Open notnoop opened 4 years ago
Hey @notnoop, I'm seeing similar errors after upgrading from Nomad 0.11.3 to 0.12.0.
Shortly after upgrading, we started seeing sporadic errors error updating job summary: unable to find task group in the job summary: job
when planning periodic jobs, but with no meaningful logs found on the Nomad at the time.
The jobs are already registered and no changes were made to them before and after the cluster upgrade.
Eventually retrying nomad job plan ...
works, but still seems to happen periodically.
Hey @notnoop I'm running into the same issue @evandam is as well.
Dropping some additional information/context around when I was seeing this issue.
We started seeing the error updating job summary
errors with job plans after restarting the Nomad service in our environment, before we actually upgraded from Nomad 0.11.3 to 0.12.0.
In addition, we saw a "ghost allocation" that did not get stopped after any new deployments since the restart and had to be stopped by hand.
nomad job status prod-platform-core
Might be better off as a separate issue, but worth mentioning!
Thank you very much for reporting more data. I'll need to dig into this further and will follow up with some clarifying questions. I'm very surprised that the error occurred for a non-parameterized/periodic job!
Nomad FSM handling is sometimes strict in handling log entries by insuring that some invariants always hold, and fail early if it notices inconsistencies or invalid state.
While it shows good intention, the state does get into a corrupt state due to random bugs and it makes recovery hard.
We studied a cluster running 0.8 which upgraded to 0.10. The cluster ended up with some corrupt state possibly due to https://github.com/hashicorp/nomad/issues/4299 and summary jobs being out of sync.

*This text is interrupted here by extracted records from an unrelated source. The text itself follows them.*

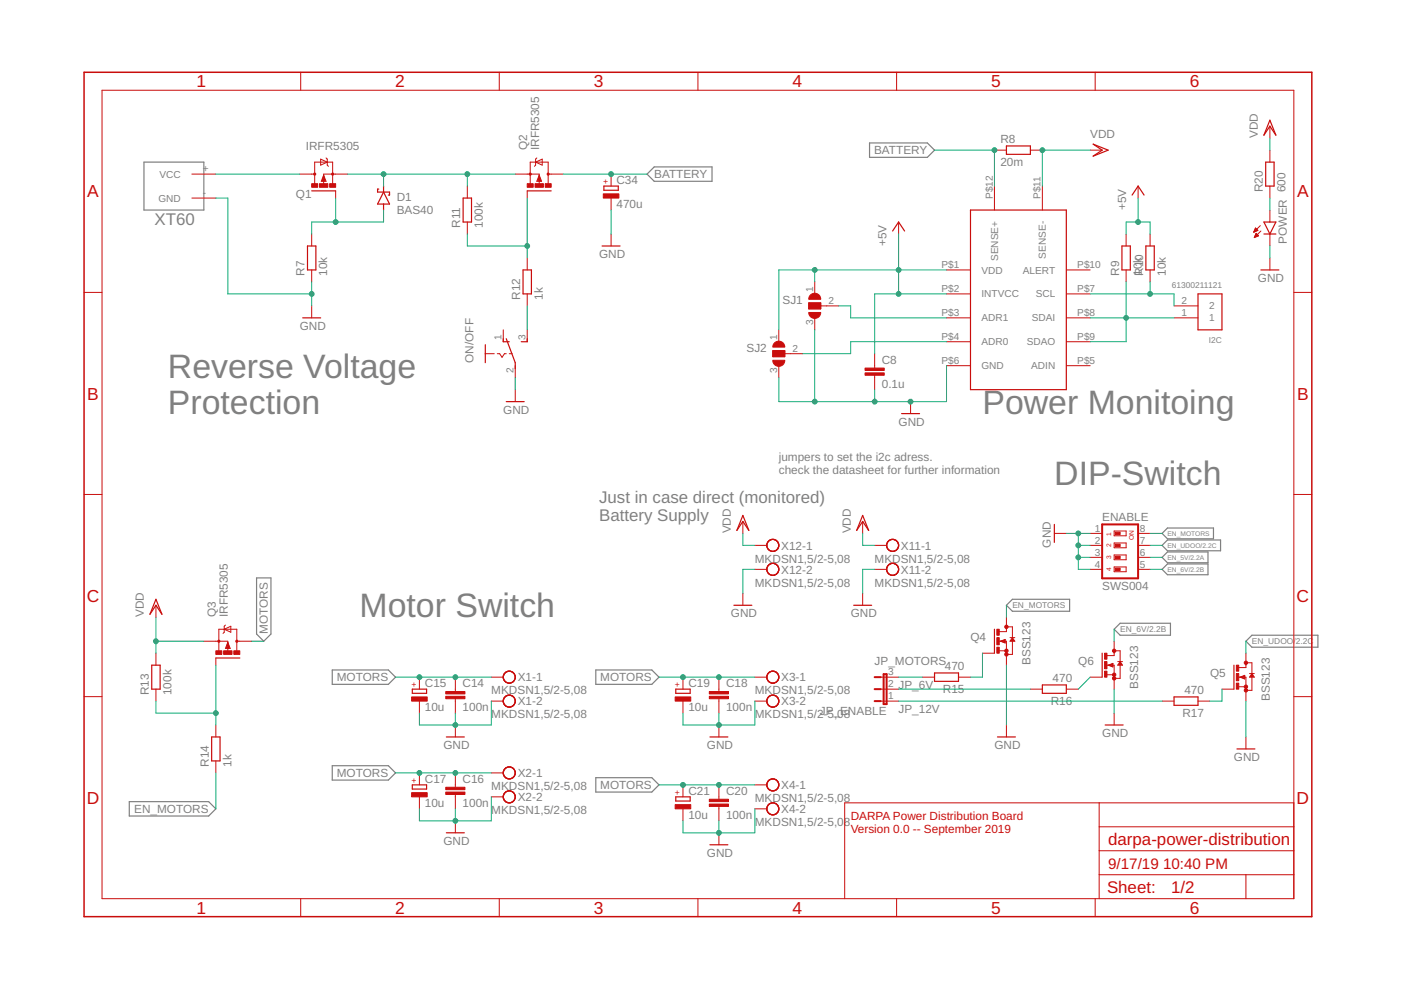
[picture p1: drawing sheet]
<svg xmlns="http://www.w3.org/2000/svg" width="297mm" height="210mm" viewBox="0 0 297 210" stroke-linecap="round" stroke-linejoin="round" font-family="sans-serif">
<g fill="none" stroke="#808080" stroke-width=".25">
<path d="M30.5 34.4h12.7v10.1h-12.7zM137.2 36.9l1.5-1.5h12.3v3h-12.3zM184.4 30.3h12.2l1.5 1.5-1.5 1.6h-12.2zM246.4 113.1l1.1-1.1h9.8v2.2h-9.8zM246.4 115.6l1.1-1.1h11.3v2.3h-11.3zM246.4 118.2l1.1-1.2h8.6v2.3h-8.6zM54.4 122.5h3v11.9l-1.5 1.6-1.5-1.6zM213.4 128.3l1.3-1.2h12.1v2.5h-12.1zM236.2 133.4l1.3-1.3h10.7v2.6h-10.7zM246.4 120.7l1.1-1.1h8.6v2.3h-8.6zM264.2 136l1.2-1.3h14v2.5h-14zM70.4 142h11.9l1.6 1.6-1.6 1.5h-11.9z"/>
<path d="M126.3 142h11.9l1.5 1.6-1.5 1.5h-11.9zM27.4 170h16.8l1.6 1.5-1.6 1.5h-16.8zM70.4 162.3h11.9l1.6 1.6-1.6 1.5h-11.9zM126.3 164.9h11.9l1.5 1.5-1.5 1.5h-11.9z"/>
</g>
<g fill="none" stroke="#c90d0c" stroke-width=".21">
<path d="M21.6 19.1h252.7v171.4h-252.7zM63.8 15.3v3.8M105.9 15.3v3.8M148 15.3v3.8M190.1 15.3v3.8M232.2 15.3v3.8M40.7 36.9h5.1M63.5 36.9h3.2M66.7 38.9v-4.5h3.8v4.5M68 33.7l1.4 .7-1.4 .6zM68.6 38.3v.9M68.6 37.2l.5 1.2h-1z"/>
<path d="M69.1 33.5l.3 .2v1.3l.2 .3M73.7 36.9h-5.1v.3M99.1 39.5v2.5M109.2 36.9h5.1v.3M113.6 34.4l1.4-.7v1.3zM113.8 33.5l-.2 .2v1.3l-.3 .3M114.3 37.2l.5 1.2h-1zM114.3 38.3v.9M116.2 36.9h3.2M116.2 38.9v-4.5h-3.8v4.5M129.6 36.9v2.6M210.8 39.5v5"/>
<path d="M210.8 31.8h2.6M218.5 31.8h2.5M221 39.5v5M231.1 31.8h2.6M241.3 39.5v2.5M269.2 26.8v2.5M269.2 31.8v2.6M269.2 39.5v2.5M40.7 42h5.1M66.1 49.6v2.6M66.1 57.2v2.6M71.2 40.5v1.5"/>
<path d="M99.1 47.1v2.5M111.8 40.5v1.5M111.8 54.7v2.5M129.6 42v2.5M129.6 49.6v2.6M172.7 59.8v2.5M190.5 47.1v2.5M200.7 57.2h5.1M226.1 57.2h5M238.8 49.6v2.6M238.8 57.2v2.6M243.8 49.6v2.6"/>
<path d="M243.8 57.2v2.6M265.9 49.1h.1M265.9 49h.4M266 48.9h.6M266 50.3h.1M266 50.2h.3M266 48.8h.6M266.1 48.6h.4M266.1 50.1h.5M266.1 48.5h.3M266.1 50h.7M266.2 48.4h.1"/>
<path d="M266.2 49.8h.5M266.2 48.3l.5 .6-.9 .3zM266.2 49.7h.4M266.3 49.6h.1M266.3 49.5l-.4 .9M266.3 49.5l.5 .5M266.3 49.5h.1M266.8 50l-.9 .4M267.2 47.8l-1.4 1.4M267.3 49l-1.4 1.4M269.2 44.5v2.6M269.2 49.6v2.6"/>
<path d="M269.2 54.7v2.5M17.8 62h3.8M66.1 64.9v2.5M102.9 75h1.9M105.4 75h.5l.5 .8 .6-.8h.3M106.7 69.9v2.6M108 75h.6M109.2 77.5v2.6M111.8 62.3v2.6M111.8 69.9v2.6M163.9 74.4h2.5v1.2h-2.5zM165.1 69.9v2.6"/>
<path d="M165.1 77.5v2.6M166.4 75h3.8M171.5 64.2h2.5v1.3h-2.5zM172.7 67.4v2.5M174 64.9h3.8M185.4 75v3M185.4 79.6v3M200.7 62.3h5.1M200.7 67.4h5.1M200.7 72.5h5.1M200.7 77.5h5.1M226.1 62.3h5"/>
<path d="M226.1 67.4h5M226.1 72.5h5M226.1 77.5h5M248.9 67.4h5.1M248.9 64.9h5.1M274.3 62h3.8M109.2 82.6v2.6M193.1 85.2v2.5M17.8 104.8h3.8M157.5 110.6v2.5M160 115.6h2.6M182.9 110.6v2.5"/>
<path d="M185.4 115.6h2.6M223.5 113.1h2.6M231.1 118.2h2.6M231.1 115.6h2.6M231.1 113.1h2.6M236.2 112.6h2.6v1h-2.6zM236.2 115.1h2.6v1h-2.6zM236.2 117.7h2.6v1h-2.6zM241.3 118.2h2.5M241.3 115.6h2.5M241.3 113.1h2.5M274.3 104.8h3.8"/>
<path d="M33.1 128.3v2.6M33.1 138.5v2.5M43.2 136h5.1v.2M45.8 139.5v1.5M47.5 133.4l1.4-.6v1.2zM47.8 132.5l-.3 .3v1.2l-.2 .3M48.3 137.4v.8M48.3 136.2l.5 1.3h-1zM50.2 137.9v-4.5h-3.8v4.6M50.2 136h3.2M157.5 125.8v2.5M160 120.7h2.6"/>
<path d="M182.9 125.8v2.5M185.4 120.7h2.6M208.3 138.5h2.5M211.9 136h1.5v5M211.9 138h1.5M212.1 136l1-.4v.7zM213.4 130.9v3h-1.5M213.4 132.9h1.3v5.8h-1.3M214.1 135.2h1.1M214.7 135.2l.5 .8h-1.1zM231.1 120.7h2.6M236.2 120.2h2.6v1h-2.6z"/>
<path d="M236.2 136v3h-1.5M236.2 138h1.3v5.8h-1.3M241.3 120.7h2.5M264.2 138.5v3h-1.6M17.8 147.7h3.8M33.1 146.1v2.6M45.8 153.7v2.6M88.9 143.6v2.5M88.9 148.7v2.5M96.5 143.6v3M96.5 148.1v3.1M96.5 153.7v2.6"/>
<path d="M104.2 143.6h2.5M104.2 148.7h2.5M144.8 143.6v2.5M144.8 148.7v2.5M152.4 143.6v3M152.4 148.1v3.1M152.4 153.7v2.6M160 143.6h2.6M160 148.7h2.6M186.7 143.6h3.8M186.7 148.7h3.8M186.7 146.1h3.8"/>
<path d="M195.6 143.6h2.5M203.2 143.6h2.6M213.4 153.7v2.6M218.5 146.1h2.5M226.1 146.1h2.5M231.1 143.6h2.6M234.7 141h1.5v5.1M234.7 143.1h1.5M234.9 141l1.1-.3v.7zM236.2 151.2v2.5M237 140.3h1M237.5 140.3l.5 .7h-1z"/>
<path d="M246.4 148.7h2.5M254 148.7h2.5M259.1 146.1h2.5M262.6 143.6h1.6v5.1M262.6 145.6h1.6M262.9 143.6l1-.4v.8zM264.2 156.3v2.5M264.2 140.5h1.2v5.9h-1.2M264.9 142.8h1M265.4 142.8l.5 .8h-1zM274.3 147.7h3.8M45.8 161.3v2.6"/>
<path d="M88.9 163.9v2.5M88.9 169v2.5M96.5 163.9v3M96.5 168.4v3.1M96.5 174v2.6M104.2 163.9h2.5M104.2 169h2.5M144.8 166.4v2.6M144.8 171.5v2.5M152.4 166.4v3.1M152.4 171v3M152.4 176.6v2.5"/>
<path d="M160 166.4h2.6M160 171.5h2.6M233 170.2v20.3M233 175.3h41.3M274.3 170.2h-95.2v20.3M63.8 190.5v3.9M105.9 190.5v3.9M148 190.5v3.9M190.1 190.5v3.9M232.2 190.5v3.9M233 185.5h41.3M233 180.4h41.3"/>
<path d="M264.2 185.5v5"/>
</g>
<g fill="none" stroke="#c90d0c" stroke-width=".42">
<path d="M233.7 111.2h7.6v11.4h-7.6zM185.4 143.6h1.3M185.4 146.1h1.3M185.4 148.7h1.3M187.3 142.9h.7v6.4h-.7z"/>
<circle cx="66.7" cy="36.9" r=".13"/>
<circle cx="70.5" cy="36.9" r=".13"/>
<circle cx="112.4" cy="36.9" r=".13"/>
<circle cx="116.2" cy="36.9" r=".13"/>
<circle cx="46.4" cy="136" r=".13"/>
<circle cx="50.2" cy="136" r=".13"/>
</g>
<g fill="#c90d0c" stroke="#c90d0c" stroke-width=".21">
<path d="M236.5 112.8h1v.5h-1z"/>
<path d="M236.5 115.4h1v.5h-1z"/>
<path d="M236.5 117.9h1v.5h-1z"/>
<path d="M236.5 120.5h1v.5h-1z"/>
<path d="M69.9 38.9h1.3v.8h-1.3z"/>
<path d="M66.1 38.9h1.3v.8h-1.3z"/>
<path d="M67.7 38.9h1.8v.8h-1.8z"/>
<path d="M183.4 79.1h4.1v.5h-4.1z"/>
<path d="M183.4 78h4.1v.5h-4.1z"/>
<path d="M171.5 64.2h2.5v1.3h-2.5z"/>
<path d="M163.9 74.4h2.5v1.2h-2.5z"/>
<path d="M111.8 38.9h1.3v.8h-1.3z"/>
<path d="M115.6 38.9h1.3v.8h-1.3z"/>
<path d="M113.4 38.9h1.8v.8h-1.8z"/>
<path d="M45.8 138h1.2v.7h-1.2z"/>
<path d="M49.6 138h1.2v.7h-1.2z"/>
<path d="M47.4 138h1.8v.7h-1.8z"/>
<path d="M94.5 147.6h4.1v.5h-4.1z"/>
<path d="M94.5 146.6h4.1v.5h-4.1z"/>
<path d="M87.3 147.8h3.3v.9h-3.3z"/>
<path d="M94.5 167.9h4.1v.5h-4.1z"/>
<path d="M94.5 166.9h4.1v.5h-4.1z"/>
<path d="M87.3 168.1h3.3v.9h-3.3z"/>
<path d="M150.4 147.6h4.1v.5h-4.1z"/>
<path d="M150.4 146.6h4.1v.5h-4.1z"/>
<path d="M143.2 147.8h3.3v.9h-3.3z"/>
<path d="M150.4 170.5h4.1v.5h-4.1z"/>
<path d="M150.4 169.5h4.1v.5h-4.1z"/>
<path d="M143.2 170.6h3.3v.9h-3.3z"/>
<path d="M127.9 41.1h3.3v.9h-3.3z"/>
<path d="M211.3 133.4h.6v1.3h-.6z"/>
<path d="M211.3 137.2h.6v1.3h-.6z"/>
<path d="M211.3 135.2h.6v1.5h-.6z"/>
<path d="M262.1 141h.5v1.3h-.5z"/>
<path d="M262.1 144.8h.5v1.3h-.5z"/>
<path d="M262.1 142.8h.5v1.5h-.5z"/>
<path d="M234.2 138.5h.5v1.3h-.5z"/>
<path d="M234.2 142.3h.5v1.3h-.5z"/>
<path d="M234.2 140.3h.5v1.5h-.5z"/>
</g>
<g fill="none" stroke="#c90d0c" stroke-width=".25">
<path d="M81.3 39.5v1.2M128 39.5h3.1v.8h-3.1zM213.4 30.9h5.1v1.8h-5.1zM231.8 30.6l3.1 1.2-3.1 1.3 1.9-1.3zM268.4 34.4h1.7v5.1h-1.7zM269.2 25.5l1.3 3.2-1.3-1.9-1.2 1.9zM65.2 52.2h1.8v5h-1.8zM66.1 40.5h5.1M80.3 40.1h-.2v.6h2.5v.7h-.3M81.3 40.7l1.3 2.6h-2.5zM81.3 43.3v1.2M98.2 42h1.8v5.1h-1.8z"/>
<path d="M110.9 57.2h1.8v5.1h-1.8zM111.8 40.5h5.1M127.7 52.2h3.8M189.3 49l1.2-1.9 1.3 1.9M205.8 44.5h20.3v38.1h-20.3zM237.9 52.2h1.7v5h-1.7zM240 41.4l1.3-1.9 1.3 1.9M243 52.2h1.7v5h-1.7zM267.3 57.2h3.8M268 47.1h2.5l-1.3 2.5zM268 49.6h2.5M64.2 67.4h3.8"/>
<path d="M102.9 73.1v3.8M106.7 71.8v.7h1.3M107.3 71.8l1.9 5.1v1.3M111.8 71.8v.7h-1.3M254 62.3h5.1v7.6h-5.1zM107.3 85.2h3.8M191.2 87.7h3.8M157.5 109.3l1.3 3.2-1.3-1.9-1.3 1.9zM182.9 109.3l1.3 3.2-1.3-1.9-1.3 1.9zM223.5 111.2v3.8M33.1 127.1l1.2 3.1-1.2-1.9-1.3 1.9zM45.8 139.5h5"/>
<path d="M155.6 128.3h3.8M181 128.3h3.8M210.8 133.4v5.1M212.4 136l.6 .2v-.5l-.5 .3M214.7 135.4l.2 .4h-.5zM233.7 138.5v5.1M32.2 141h1.8v5.1h-1.8zM44.9 156.3h1.8v5h-1.8zM87.4 146.1h3v.9h-3zM94.6 156.3h3.8M143.3 146.1h3v.9h-3zM150.5 156.3h3.8"/>
<path d="M198.1 142.7h5.1v1.8h-5.1zM211.5 156.3h3.8M221 145.2h5.1v1.8h-5.1zM234.3 153.7h3.8M235.2 141l.6 .3v-.5l-.5 .2M237.5 140.5l.2 .4h-.5zM248.9 147.8h5.1v1.7h-5.1zM261.6 141v5.1M262.3 158.8h3.8M263.1 143.6l.7 .2v-.5l-.5 .3M265.4 143.1l.3 .3h-.5zM87.4 166.4h3v.9h-3z"/>
<path d="M94.6 176.6h3.8M143.3 169h3v.8h-3zM150.5 179.1h3.8"/>
<circle cx="163.9" cy="115.6" r="1.27"/>
<circle cx="189.3" cy="115.6" r="1.27"/>
<circle cx="163.9" cy="120.7" r="1.27"/>
<circle cx="189.3" cy="120.7" r="1.27"/>
<circle cx="108" cy="143.6" r="1.27"/>
<circle cx="108" cy="148.7" r="1.27"/>
<circle cx="163.9" cy="143.6" r="1.27"/>
<circle cx="163.9" cy="148.7" r="1.27"/>
<circle cx="108" cy="169" r="1.27"/>
<circle cx="108" cy="163.9" r="1.27"/>
<circle cx="163.9" cy="166.4" r="1.27"/>
<circle cx="163.9" cy="171.5" r="1.27"/>
</g>
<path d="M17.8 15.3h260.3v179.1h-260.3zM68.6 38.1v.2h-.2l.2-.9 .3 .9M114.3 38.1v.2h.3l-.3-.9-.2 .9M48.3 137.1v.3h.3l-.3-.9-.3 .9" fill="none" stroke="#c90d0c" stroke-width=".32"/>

These had cascading effects in few places:
This was reported as well in https://github.com/hashicorp/nomad/issues/5939 .
In both of these cases, strict enforcement of invariants exacerbated the situation and made cluster recovery harder. We can consider having automated processes (e.g. if job summary is invalid recompute it, deletion should idempotent and deleting already deleted job shouldn't result into an error).
In the upgrade scenario above, it's unclear to me how the invalid state came to be. My guess is that it was due to bugs in 0.8 (like the ones linked above) but the upgrade to 0.10 exacerbated the situation.
Should scan the FSM/planner checks and ensure that we can recover once an invalid state is already committed to cluster.